# Kelly Controller Choice



## ratchet6900 (11 mo ago)

Hello all, I'm trying to decide between a Kelly KLS6030N and a KLS6018N for my electric ATV (a Venom E-Grizzly, 48V, 1500W stock controller and 3000W BLDC motor according to the vendor). I wish to replace the stock controller as I am not happy with the control of acceleration in the high speed range - it is extremely abrupt off the line even with v low throttle opening, hard to control at low speeds and IMO unsafe especially for younger or inexperienced riders.

The KLS6018N at first glance seems more than adequate for this application as it is rated at 220 A (30 second surge) and 80 A continuous (48V * 80 A = 3,840 W). The KLS6030N is rated at 270 A and 90 A respectively (and $50 more expensive). The reason for my uncertainty is that the Kelly tech support person (Fanny) says the 6018 is too small for my application, quote:

"The current rating is based on the motor phase side. The 48V is on the battery side.
Anyway KLS4812S is mini controller. It can not support 3KW motor. The controller will be overloaded by 3KW motor for running a period."

Can anyone explain this in clearer terms? I don't understand if the stock 1500 W controller gives more than adequate performance, why the smaller Kelly controller won't work as well or better. What I'm thinking is that the controller's output current may be much higher than the input from the battery (at a lower voltage). Could that be the case??

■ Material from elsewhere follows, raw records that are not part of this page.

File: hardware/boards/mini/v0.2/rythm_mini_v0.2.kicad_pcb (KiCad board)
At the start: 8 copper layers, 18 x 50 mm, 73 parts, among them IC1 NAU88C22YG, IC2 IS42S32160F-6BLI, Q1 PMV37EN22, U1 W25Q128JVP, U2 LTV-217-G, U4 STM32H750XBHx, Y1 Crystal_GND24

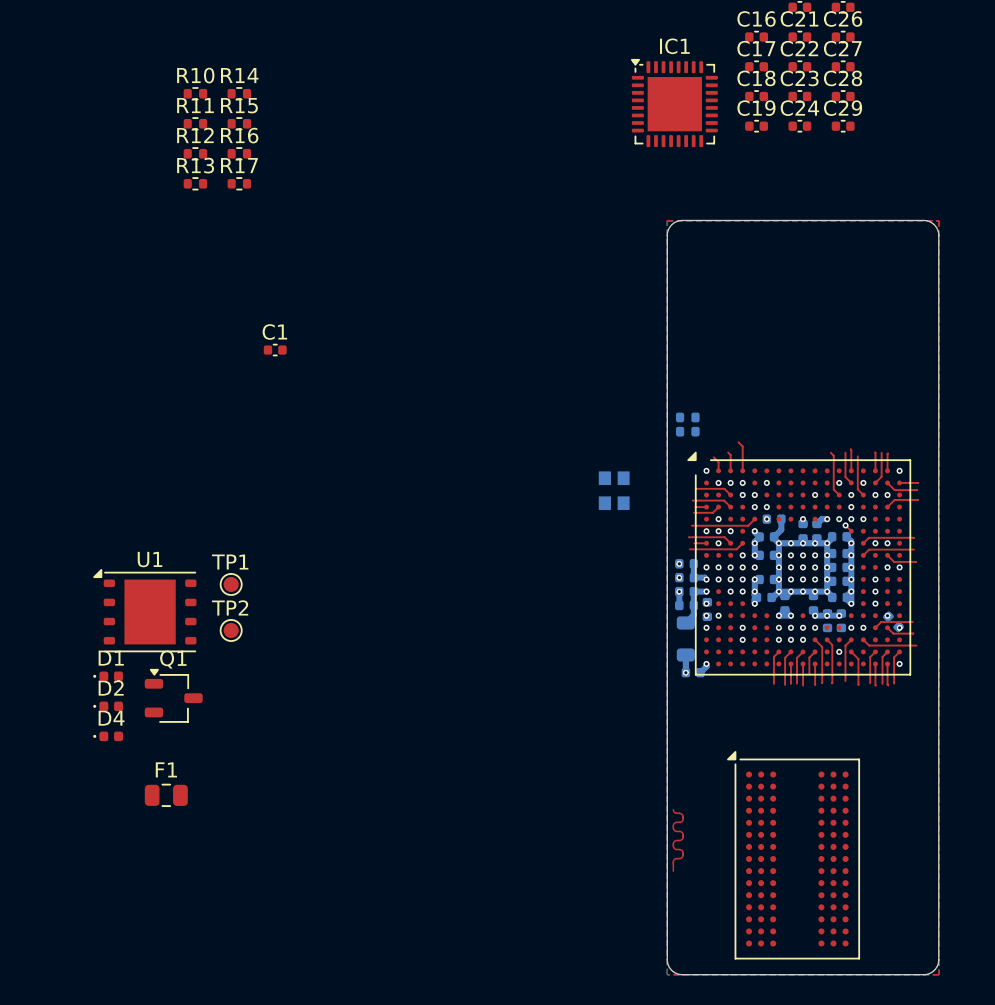
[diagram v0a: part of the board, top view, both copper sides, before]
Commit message: place stm32h750 decoupling capacitors
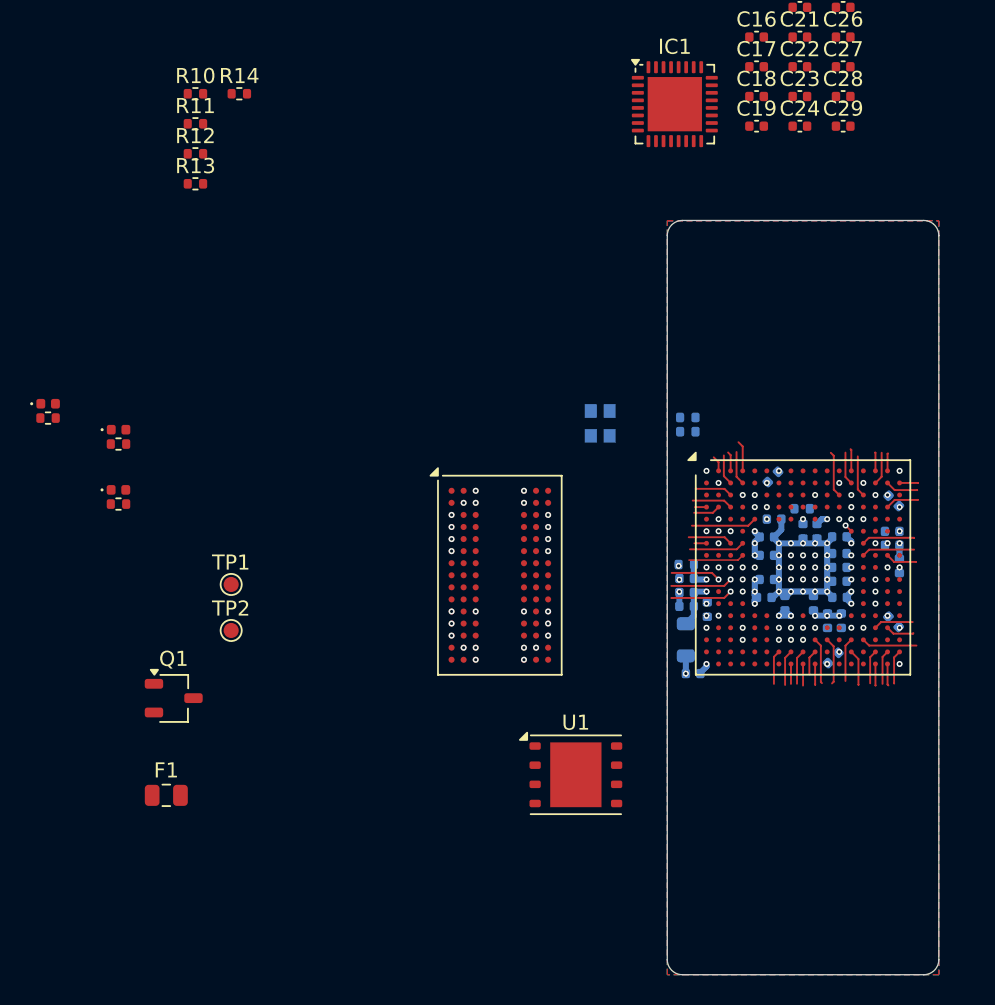
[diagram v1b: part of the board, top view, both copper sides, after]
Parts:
- added C2: 2.2 uF <100 mΩ ESR, Capacitor_SMD:C_0402_1005Metric, B.Cu at (86.0, 73.6)
- added C3: 2.2 uF <100 mΩ ESR, Capacitor_SMD:C_0402_1005Metric, B.Cu at (78.0, 72.0)
- added C4: 1uF 600mΩ, Capacitor_SMD:C_0402_1005Metric, B.Cu at (85.9, 75.6)
- added C5: 100nF, Capacitor_SMD:C_0402_1005Metric, B.Cu at (85.9, 76.5)
- added C6: 1uF, Capacitor_SMD:C_0402_1005Metric, B.Cu at (86.4, 77.9)
- added R18: 10k, Resistor_SMD:R_0402_1005Metric, B.Cu at (79.9, 74.1)
- C1: moved to B.Cu
- R5: value 4.7k -> 10k; footprint Capacitor_SMD:C_0402_1005Metric -> Resistor_SMD:R_0402_1005Metric
- moved C1 42.2 mm to (82.0, 84.0), turned to 45 degrees
- moved U1 30.2 mm to (64.9, 91.7)
- moved IC2 27.3 mm to (59.9, 78.5)
- moved R17 22.7 mm to (34.6, 73.8)
- moved R15 22.7 mm to (34.6, 69.8)
- moved R16 21.6 mm to (29.9, 68.1)
- moved D1 18.5 mm to (30.0, 67.2)
- moved D2 18.3 mm to (34.6, 68.9)
- moved D4 16.3 mm to (34.6, 72.9)
- moved Y1 4.56 mm to (66.6, 68.5)
- moved C31 0.06 mm to (72.3, 80.6)
- moved C30 0.06 mm to (72.3, 79.7)
- moved C32 0.06 mm to (72.7, 85.0)
- moved C33 0.06 mm to (72.3, 78.7)
- moved FB1 0.06 mm to (72.2, 82.8)
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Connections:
- C1 pad 1: unconnected-(C1-Pad1) -> Net-(C1-Pad1)
- C1 pad 2: unconnected-(C1-Pad2) -> GND
- U4 pad A7: unconnected-(U4L-VCAP-PadA7) -> Net-(C3-Pad1)
- U4 pad D17: unconnected-(U4L-VCAP-PadD17) -> Net-(C2-Pad1)
- U4 pad E7: unconnected-(U4L-PDR_ON-PadE7) -> +3.3V
- U4 pad E8: unconnected-(U4L-BOOT0-PadE8) -> /BOOT0
- U4 pad F17: unconnected-(U4L-VDD33_USB-PadF17) -> +3.3V
- U4 pad G17: unconnected-(U4L-VDD50_USB-PadG17) -> +3.3V
- U4 pad U11: unconnected-(U4L-VCAP-PadU11) -> Net-(C1-Pad1)
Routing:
- net +3.3V: track 17.3 -> 35.9 mm, vias 23 -> 39
- net /FMC_A4: track 0.00 -> 5.41 mm
- net /FMC_A5: track 0.00 -> 4.78 mm
- net /FMC_D6: track 0.00 -> 4.44 mm
- net /FMC_D8: track 0.00 -> 4.32 mm
- net /QSPI_CLK: track 0.00 -> 4.11 mm
- net /QSPI_IO2: track 0.00 -> 4.11 mm
- net /FMC_A7: track 0.00 -> 3.97 mm
- net /FMC_A8: track 0.00 -> 3.96 mm
- net /I2C_SCL: track 0.00 -> 3.96 mm
- net /FMC_A3: track 0.00 -> 3.70 mm, vias 1 -> 0
- net /FMC_A6: track 0.00 -> 3.63 mm
- net /I2C_SDA: track 0.00 -> 3.50 mm
- net /QSPI_IO3: track 6.62 -> 3.29 mm
- net /FMC_NBL0: track 0.00 -> 3.31 mm
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
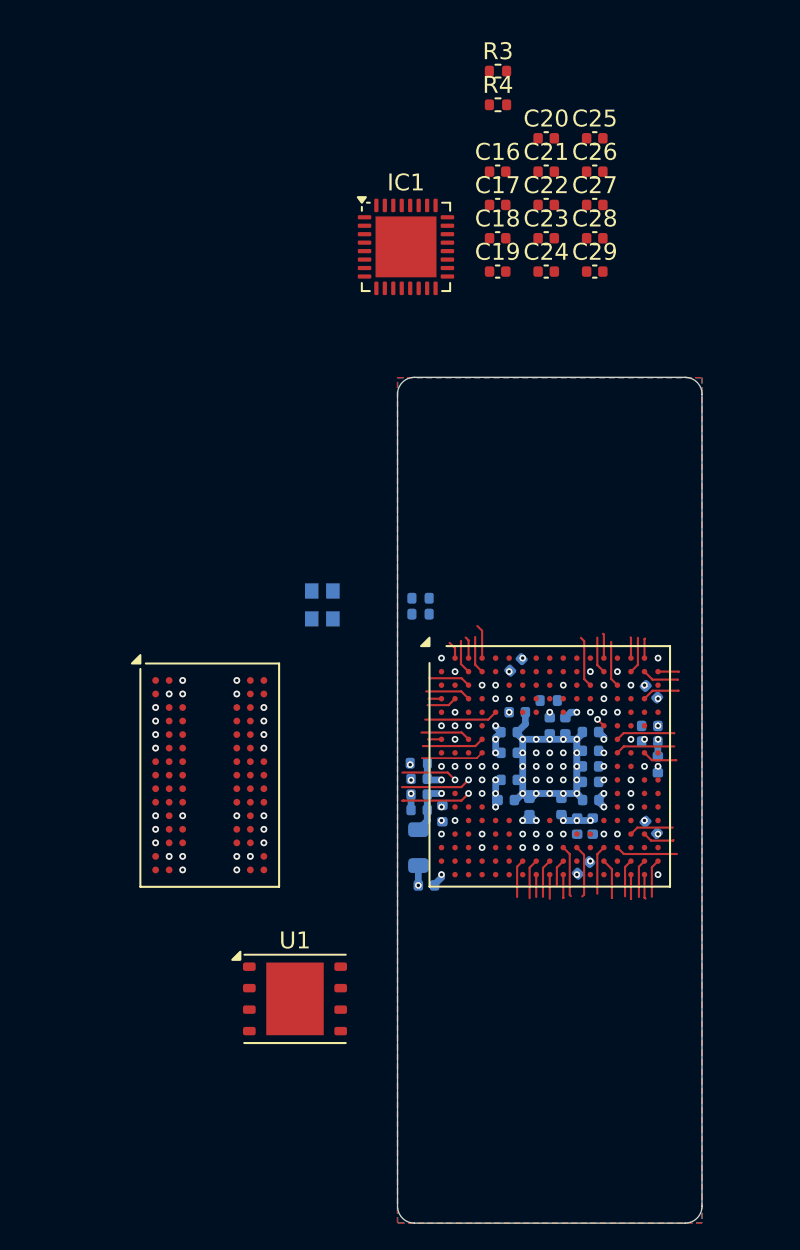
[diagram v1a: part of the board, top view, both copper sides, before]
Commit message: mini: more SDRAM routing work
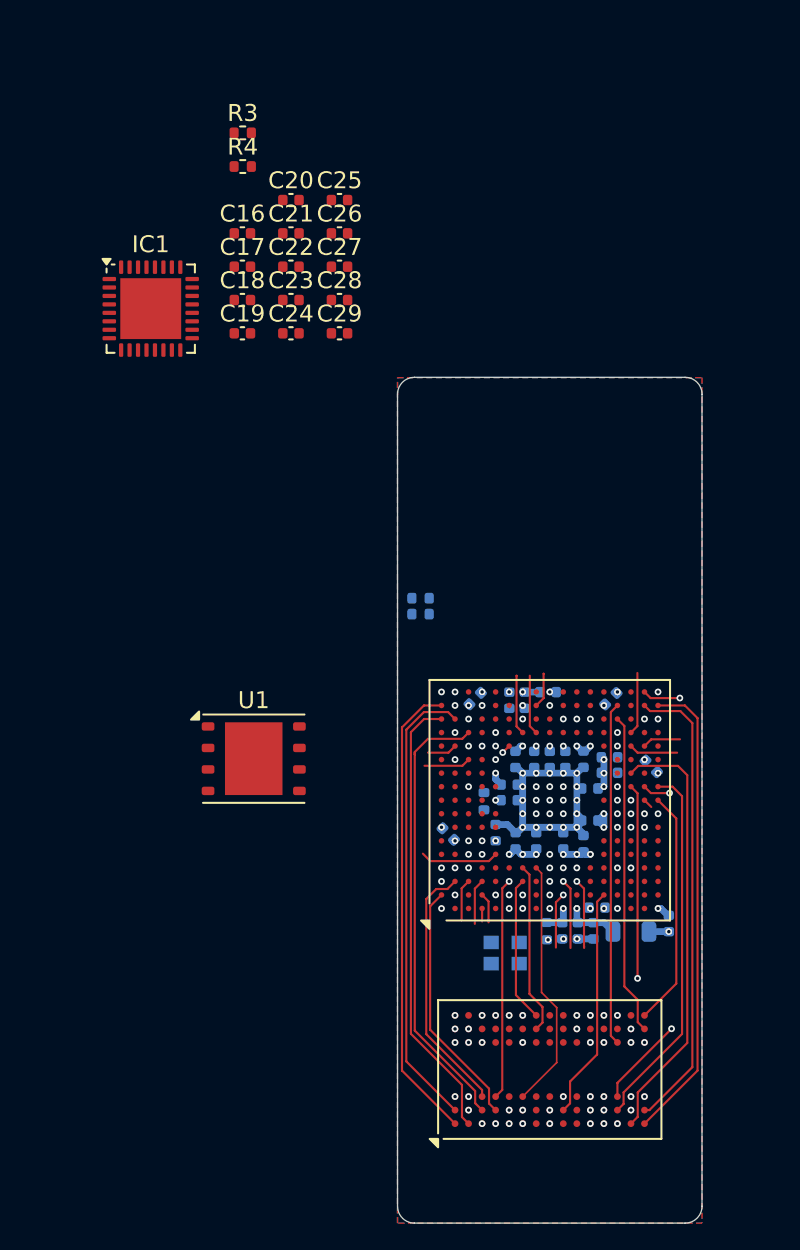
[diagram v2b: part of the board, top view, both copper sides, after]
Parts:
- moved IC2 26.6 mm to (80.0, 95.9), turned to 90 degrees
- moved Y1 23.2 mm to (77.4, 89.0), turned to 90 degrees
- moved C20 15.5 mm to (64.7, 44.5)
- moved C25 15.5 mm to (67.6, 44.5)
- moved C16 15.5 mm to (61.8, 46.5)
- moved C17 15.5 mm to (61.8, 48.5)
- moved C18 15.5 mm to (61.8, 50.4)
- moved C19 15.5 mm to (61.8, 52.4)
- moved C21 15.5 mm to (64.7, 46.5)
- moved C22 15.5 mm to (64.7, 48.5)
- moved C23 15.5 mm to (64.7, 50.4)
- moved C24 15.5 mm to (64.7, 52.4)
- moved C26 15.5 mm to (67.6, 46.5)
- moved C27 15.5 mm to (67.6, 48.5)
- moved C28 15.5 mm to (67.6, 50.4)
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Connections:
- IC2 pad A1: /FMC_D26 -> /FMC_D24
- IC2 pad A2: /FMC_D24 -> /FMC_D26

Thanks much for any assistance....


----------



## gunnarhs (Apr 24, 2012)

Hi one of the best things at Kelly is their technical support Fany so you should trust him with this.
The rating of a Kelly controller, which is given in max voltage / max current (and not in power) assumes that the most current is drawn at low voltage and the least current at highest voltage.
So in above example the 48V / 80A rated controller does put out (motor side, low speed ) 80 A at maybe10 -20 V.
At 40V motor side (high speed) the current will be about 20-40A. So the power of the controller is probably about 1000 W continuous and the maximum power 1600 W.
I do not know about the Venom Grizzly Controller but if it is given up at 1500 W power and used for a 3000 W Motor it's 1500 W is most likely continuous power rating.

In the motors I have used from Kelly (120-140 V, 400-600 A ) the continuous power has been about 20 kW and the maximum 30 kW for a short time ( minute).
That is actually pretty good for an air cooled controller for 1000 USD 

The software can be configured easily so that the controller can drive in pure torque mode (which is aggressive but not so efficient) and also in mixed mode which is better for less experienced drivers.
(voltage /speed mode only , which also can be set does not work for a vehicle with variable torque requirement).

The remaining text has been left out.